▶ _AVAILABLE DATA_:
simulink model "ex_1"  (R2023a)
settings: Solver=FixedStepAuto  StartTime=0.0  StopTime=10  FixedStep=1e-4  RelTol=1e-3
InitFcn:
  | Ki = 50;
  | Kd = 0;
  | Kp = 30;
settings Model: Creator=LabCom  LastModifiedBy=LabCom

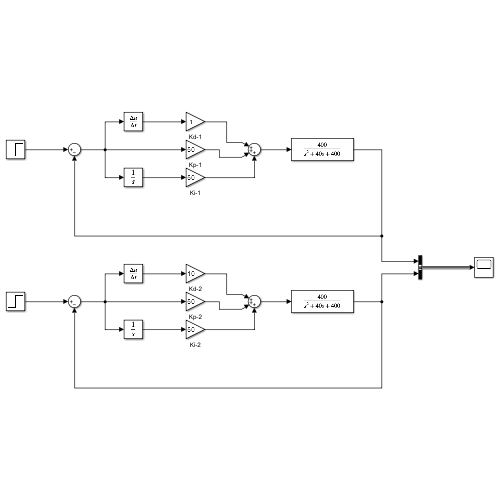
[thumbnail: Simulink's stored preview of the top-level diagram]
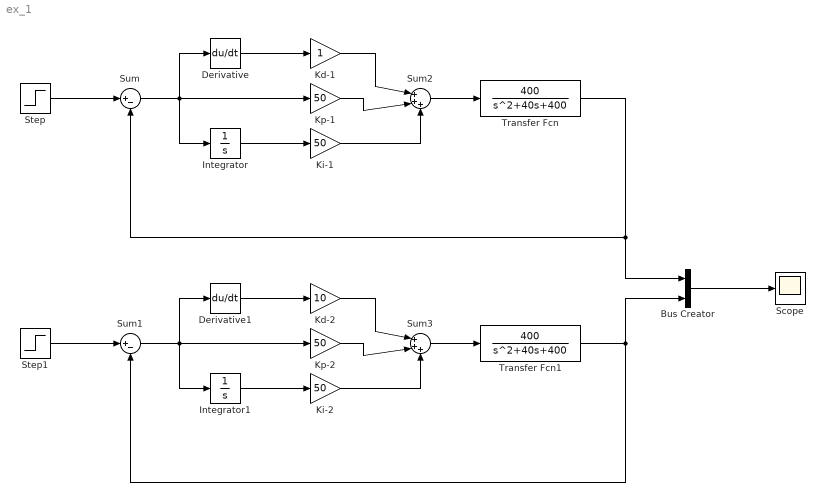
== system ex_1 ==
  Bus Creator : BusCreator  Inputs=2
  Derivative : Derivative
  Derivative1 : Derivative
  Integrator : Integrator
  Integrator1 : Integrator
  Kd-1 : Gain
  Kd-2 : Gain  Gain=10
  Ki-1 : Gain  Gain=50
  Ki-2 : Gain  Gain=50
  Kp-1 : Gain  Gain=50
  Kp-2 : Gain  Gain=50
  Scope : Scope
  Step : Step  Time=0  SampleTime=0
  Step1 : Step  Time=0  SampleTime=0
  Sum : Sum  Inputs=|+-
  Sum1 : Sum  Inputs=|+-
  Sum2 : Sum  Inputs=|+++
  Sum3 : Sum  Inputs=|+++
  Transfer Fcn : TransferFcn  Numerator=[400]  Denominator=[1 40 400]
  Transfer Fcn1 : TransferFcn  Numerator=[400]  Denominator=[1 40 400]
  wires:
  Derivative/1 -> Kd-1/1
  Kp-1/1 -> Sum2/2
  Sum/1 -> Integrator/1, Derivative/1, Kp-1/1
  Integrator/1 -> Ki-1/1
  Ki-1/1 -> Sum2/3
  Kd-1/1 -> Sum2/1
  Step/1 -> Sum/1
  Sum2/1 -> Transfer Fcn/1
  Transfer Fcn/1 -> Bus Creator/1, Sum/2
  Step1/1 -> Sum1/1
  Derivative1/1 -> Kd-2/1
  Ki-2/1 -> Sum3/3
  Sum3/1 -> Transfer Fcn1/1
  Transfer Fcn1/1 -> Bus Creator/2, Sum1/2
  Kd-2/1 -> Sum3/1
  Integrator1/1 -> Ki-2/1
  Kp-2/1 -> Sum3/2
  Sum1/1 -> Integrator1/1, Derivative1/1, Kp-2/1
  Bus Creator/1 -> Scope/1

▶ _YOUR ASSIGNMENT_:
Within the listing above, give again exactly every line from the line with "Integrator1 : Integrator" through the line with "Sum1/1 -> Integrator1/1, Derivative1/1, Kp-2/1", both included, and no other line.

▶ _RESULT BELOW_:
  Integrator1 : Integrator
  Kd-1 : Gain
  Kd-2 : Gain  Gain=10
  Ki-1 : Gain  Gain=50
  Ki-2 : Gain  Gain=50
  Kp-1 : Gain  Gain=50
  Kp-2 : Gain  Gain=50
  Scope : Scope
  Step : Step  Time=0  SampleTime=0
  Step1 : Step  Time=0  SampleTime=0
  Sum : Sum  Inputs=|+-
  Sum1 : Sum  Inputs=|+-
  Sum2 : Sum  Inputs=|+++
  Sum3 : Sum  Inputs=|+++
  Transfer Fcn : TransferFcn  Numerator=[400]  Denominator=[1 40 400]
  Transfer Fcn1 : TransferFcn  Numerator=[400]  Denominator=[1 40 400]
  wires:
  Derivative/1 -> Kd-1/1
  Kp-1/1 -> Sum2/2
  Sum/1 -> Integrator/1, Derivative/1, Kp-1/1
  Integrator/1 -> Ki-1/1
  Ki-1/1 -> Sum2/3
  Kd-1/1 -> Sum2/1
  Step/1 -> Sum/1
  Sum2/1 -> Transfer Fcn/1
  Transfer Fcn/1 -> Bus Creator/1, Sum/2
  Step1/1 -> Sum1/1
  Derivative1/1 -> Kd-2/1
  Ki-2/1 -> Sum3/3
  Sum3/1 -> Transfer Fcn1/1
  Transfer Fcn1/1 -> Bus Creator/2, Sum1/2
  Kd-2/1 -> Sum3/1
  Integrator1/1 -> Ki-2/1
  Kp-2/1 -> Sum3/2
  Sum1/1 -> Integrator1/1, Derivative1/1, Kp-2/1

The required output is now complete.